Construction of the Tweed Shire’s first mountain bike track has commenced at Uki in the Tweed Valley.
Tweed Shire Council, in partnership with Tweed Valley Mountain Bike Riders, has engaged outdoor trail design and construction specialists, Trailworx, to build more than 8.5 km of mountain bike trails on Council-owned operational land adjacent to the Uki Wastewater Treatment Plant on Smiths Creek Road.
Work on the track is expected to take about six months to complete, with the park projected to be opened to the public in mid-2023, weather permitting.
The project includes:
- eight trails (two climbing and six descending) including green (beginner) and blue (intermediate) trails, and a black diamond level trail – all constructed to International Mountain Bike Association (IMBA) trail construction standards.
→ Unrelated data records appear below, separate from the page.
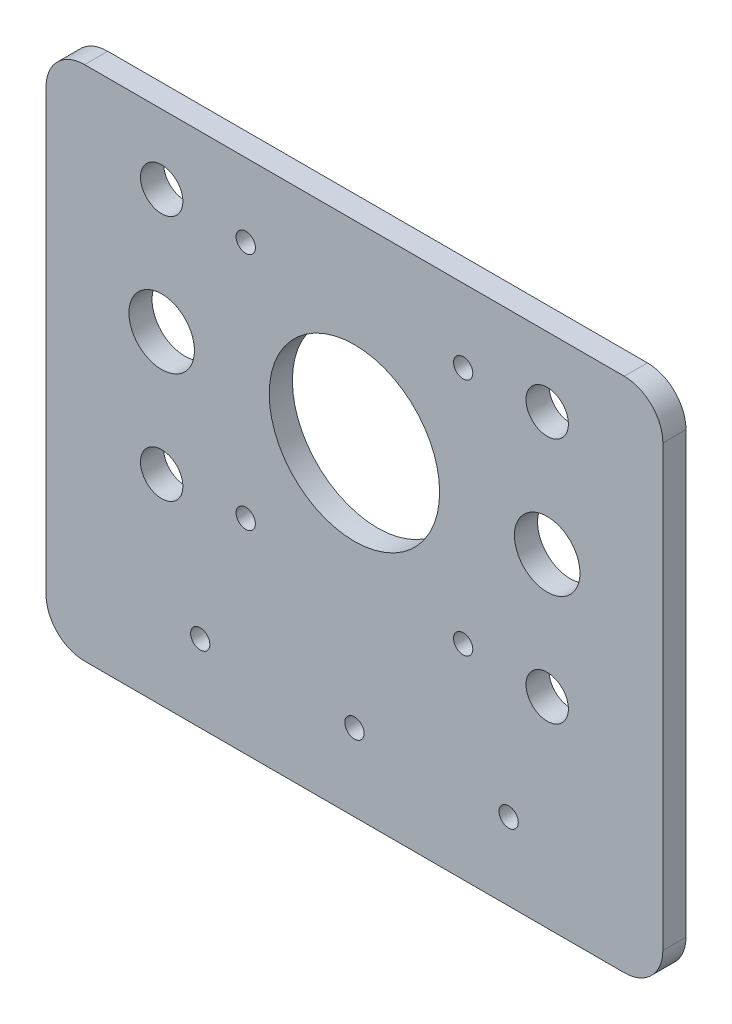
ISO-10303-21;
HEADER;
FILE_DESCRIPTION(('STEP AP214'),'2;1');
FILE_NAME('part.step','',(''),(''),'','','');
FILE_SCHEMA(('AUTOMOTIVE_DESIGN { 1 0 10303 214 1 1 1 1 }'));
ENDSEC;
DATA;
#1=APPLICATION_CONTEXT('core data for automotive mechanical design processes');
#2=APPLICATION_PROTOCOL_DEFINITION('international standard','automotive_design',2000,#1);
#3=PRODUCT_CONTEXT('',#1,'mechanical');
#4=PRODUCT('Part','Part','',(#3));
#5=PRODUCT_RELATED_PRODUCT_CATEGORY('part','',(#4));
#6=PRODUCT_DEFINITION_FORMATION('','',#4);
#7=PRODUCT_DEFINITION_CONTEXT('part definition',#1,'design');
#8=PRODUCT_DEFINITION('design','',#6,#7);
#9=PRODUCT_DEFINITION_SHAPE('','',#8);
#10=(LENGTH_UNIT() NAMED_UNIT(*) SI_UNIT(.MILLI.,.METRE.));
#11=(NAMED_UNIT(*) PLANE_ANGLE_UNIT() SI_UNIT($,.RADIAN.));
#12=(NAMED_UNIT(*) SI_UNIT($,.STERADIAN.) SOLID_ANGLE_UNIT());
#13=UNCERTAINTY_MEASURE_WITH_UNIT(LENGTH_MEASURE(1.E-05),#10,'distance_accuracy_value','');
#14=(GEOMETRIC_REPRESENTATION_CONTEXT(3) GLOBAL_UNCERTAINTY_ASSIGNED_CONTEXT((#13)) GLOBAL_UNIT_ASSIGNED_CONTEXT((#10,
#11,#12)) REPRESENTATION_CONTEXT('',''));
#15=CARTESIAN_POINT('',(0.,0.,0.));
#16=DIRECTION('',(0.,0.,1.));
#17=DIRECTION('',(1.,0.,0.));
#18=AXIS2_PLACEMENT_3D('',#15,#16,#17);
#19=CARTESIAN_POINT('',(-35.,-37.,3.));
#20=DIRECTION('',(0.,0.,1.));
#21=DIRECTION('',(1.,0.,0.));
#22=AXIS2_PLACEMENT_3D('',#19,#20,#21);
#23=PLANE('',#22);
#24=CARTESIAN_POINT('',(25.,0.,3.));
#25=DIRECTION('',(0.,0.,1.));
#26=DIRECTION('',(-1.,0.,0.));
#27=AXIS2_PLACEMENT_3D('',#24,#25,#26);
#28=CIRCLE('',#27,4.25);
#29=CARTESIAN_POINT('',(20.75,0.,3.));
#30=VERTEX_POINT('',#29);
#31=EDGE_CURVE('E301',#30,#30,#28,.T.);
#32=ORIENTED_EDGE('',*,*,#31,.F.);
#33=EDGE_LOOP('',(#32));
#34=FACE_BOUND('',#33,.T.);
#35=CARTESIAN_POINT('',(20.,-32.,3.));
#36=DIRECTION('',(0.,0.,1.));
#37=DIRECTION('',(1.,0.,0.));
#38=AXIS2_PLACEMENT_3D('',#35,#36,#37);
#39=CIRCLE('',#38,1.25);
#40=CARTESIAN_POINT('',(21.25,-32.,3.));
#41=VERTEX_POINT('',#40);
#42=EDGE_CURVE('E285',#41,#41,#39,.T.);
#43=ORIENTED_EDGE('',*,*,#42,.F.);
#44=EDGE_LOOP('',(#43));
#45=FACE_BOUND('',#44,.T.);
#46=CARTESIAN_POINT('',(0.,-32.,3.));
#47=DIRECTION('',(0.,0.,1.));
#48=DIRECTION('',(1.,0.,0.));
#49=AXIS2_PLACEMENT_3D('',#46,#47,#48);
#50=CIRCLE('',#49,1.25);
#51=CARTESIAN_POINT('',(1.25,-32.,3.));
#52=VERTEX_POINT('',#51);
#53=EDGE_CURVE('E269',#52,#52,#50,.T.);
#54=ORIENTED_EDGE('',*,*,#53,.F.);
#55=EDGE_LOOP('',(#54));
#56=FACE_BOUND('',#55,.T.);
#57=CARTESIAN_POINT('',(25.,-16.,3.));
#58=DIRECTION('',(0.,0.,1.));
#59=DIRECTION('',(-1.,0.,0.));
#60=AXIS2_PLACEMENT_3D('',#57,#58,#59);
#61=CIRCLE('',#60,2.75);
#62=CARTESIAN_POINT('',(22.25,-16.,3.));
#63=VERTEX_POINT('',#62);
#64=EDGE_CURVE('E253',#63,#63,#61,.T.);
#65=ORIENTED_EDGE('',*,*,#64,.F.);
#66=EDGE_LOOP('',(#65));
#67=FACE_BOUND('',#66,.T.);
#68=CARTESIAN_POINT('',(-25.,16.,3.));
#69=DIRECTION('',(0.,0.,1.));
#70=DIRECTION('',(1.,0.,0.));
#71=AXIS2_PLACEMENT_3D('',#68,#69,#70);
#72=CIRCLE('',#71,2.75);
#73=CARTESIAN_POINT('',(-22.25,16.,3.));
#74=VERTEX_POINT('',#73);
#75=EDGE_CURVE('E237',#74,#74,#72,.T.);
#76=ORIENTED_EDGE('',*,*,#75,.F.);
#77=EDGE_LOOP('',(#76));
#78=FACE_BOUND('',#77,.T.);
#79=CARTESIAN_POINT('',(14.1,15.5,3.));
#80=DIRECTION('',(0.,0.,1.));
#81=DIRECTION('',(1.,0.,0.));
#82=AXIS2_PLACEMENT_3D('',#79,#80,#81);
#83=CIRCLE('',#82,1.25);
#84=CARTESIAN_POINT('',(15.35,15.5,3.));
#85=VERTEX_POINT('',#84);
#86=EDGE_CURVE('E221',#85,#85,#83,.T.);
#87=ORIENTED_EDGE('',*,*,#86,.F.);
#88=EDGE_LOOP('',(#87));
#89=FACE_BOUND('',#88,.T.);
#90=CARTESIAN_POINT('',(0.,0.,3.));
#91=DIRECTION('',(0.,0.,1.));
#92=DIRECTION('',(1.,0.,0.));
#93=AXIS2_PLACEMENT_3D('',#90,#91,#92);
#94=CIRCLE('',#93,11.05);
#95=CARTESIAN_POINT('',(11.05,0.,3.));
#96=VERTEX_POINT('',#95);
#97=EDGE_CURVE('E146',#96,#96,#94,.T.);
#98=ORIENTED_EDGE('',*,*,#97,.F.);
#99=EDGE_LOOP('',(#98));
#100=FACE_BOUND('',#99,.T.);
#101=CARTESIAN_POINT('',(-35.,-37.,3.));
#102=DIRECTION('',(0.,0.,1.));
#103=DIRECTION('',(1.,0.,0.));
#104=AXIS2_PLACEMENT_3D('',#101,#102,#103);
#105=CIRCLE('',#104,5.);
#106=CARTESIAN_POINT('',(-40.,-37.,3.));
#107=VERTEX_POINT('',#106);
#108=CARTESIAN_POINT('',(-35.,-42.,3.));
#109=VERTEX_POINT('',#108);
#110=EDGE_CURVE('E164',#107,#109,#105,.T.);
#111=ORIENTED_EDGE('',*,*,#110,.T.);
#112=DIRECTION('',(1.,0.,0.));
#113=VECTOR('',#112,1.);
#114=CARTESIAN_POINT('',(-35.,-42.,3.));
#115=LINE('',#114,#113);
#116=CARTESIAN_POINT('',(35.,-42.,3.));
#117=VERTEX_POINT('',#116);
#118=EDGE_CURVE('E100',#109,#117,#115,.T.);
#119=ORIENTED_EDGE('',*,*,#118,.T.);
#120=CARTESIAN_POINT('',(35.,-37.,3.));
#121=DIRECTION('',(0.,0.,1.));
#122=DIRECTION('',(1.,0.,0.));
#123=AXIS2_PLACEMENT_3D('',#120,#121,#122);
#124=CIRCLE('',#123,5.);
#125=CARTESIAN_POINT('',(40.,-37.,3.));
#126=VERTEX_POINT('',#125);
#127=EDGE_CURVE('E185',#117,#126,#124,.T.);
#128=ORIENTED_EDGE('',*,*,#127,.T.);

- construction of a pump track/skills park
- car parking for up to 10 vehicles
- staging or entry area including fencing and associated works
- trail signage including trail markers, directional signage, park map and rules
- necessary rehabilitation works and planting.
The project will include the removal of some trees and earthworks for construction of the trails. Once the track is completed, revegetation planting will take place, said Council’s Manager Parks and Active Communities, Murray Smith
“The mountain bike community has long been calling for a dedicated track of this kind and we are excited to be able to deliver,” Mr Smith said.
“The Uki Mountain Bike Park will be the first facility of its kind in the Tweed and will provide a variety of mountain bike riding options for people of all ages and experience.”
Tweed Valley Mountain Bike Riders Club president, Hugh Flower – whose club members contributed to the establishment of the park – said it was great to finally see a mountain bike facility in the Tweed.
“Currently, mountain bike enthusiasts in the Tweed have to travel some distance – to Kyogle, Gold Coast or further south – to get their biking fix. This track, set in the heart of the spectacular Tweed Valley, is going to be a real drawcard for the local biking and broader community,” Mr Flower said.
“The facility has been developed with the community in mind, to progress new and younger riders in the area, and giving kids and youth more recreational opportunities.
“The club will also undertake bush regeneration to rehabilitate the land back to its natural state and will host community tree planting days, aiming to offset the project’s carbon footprint.”
The project has been made possible with a $430,000 grant awarded through the NSW Office of Sport – Regional Sports Facility Fund 2021-22.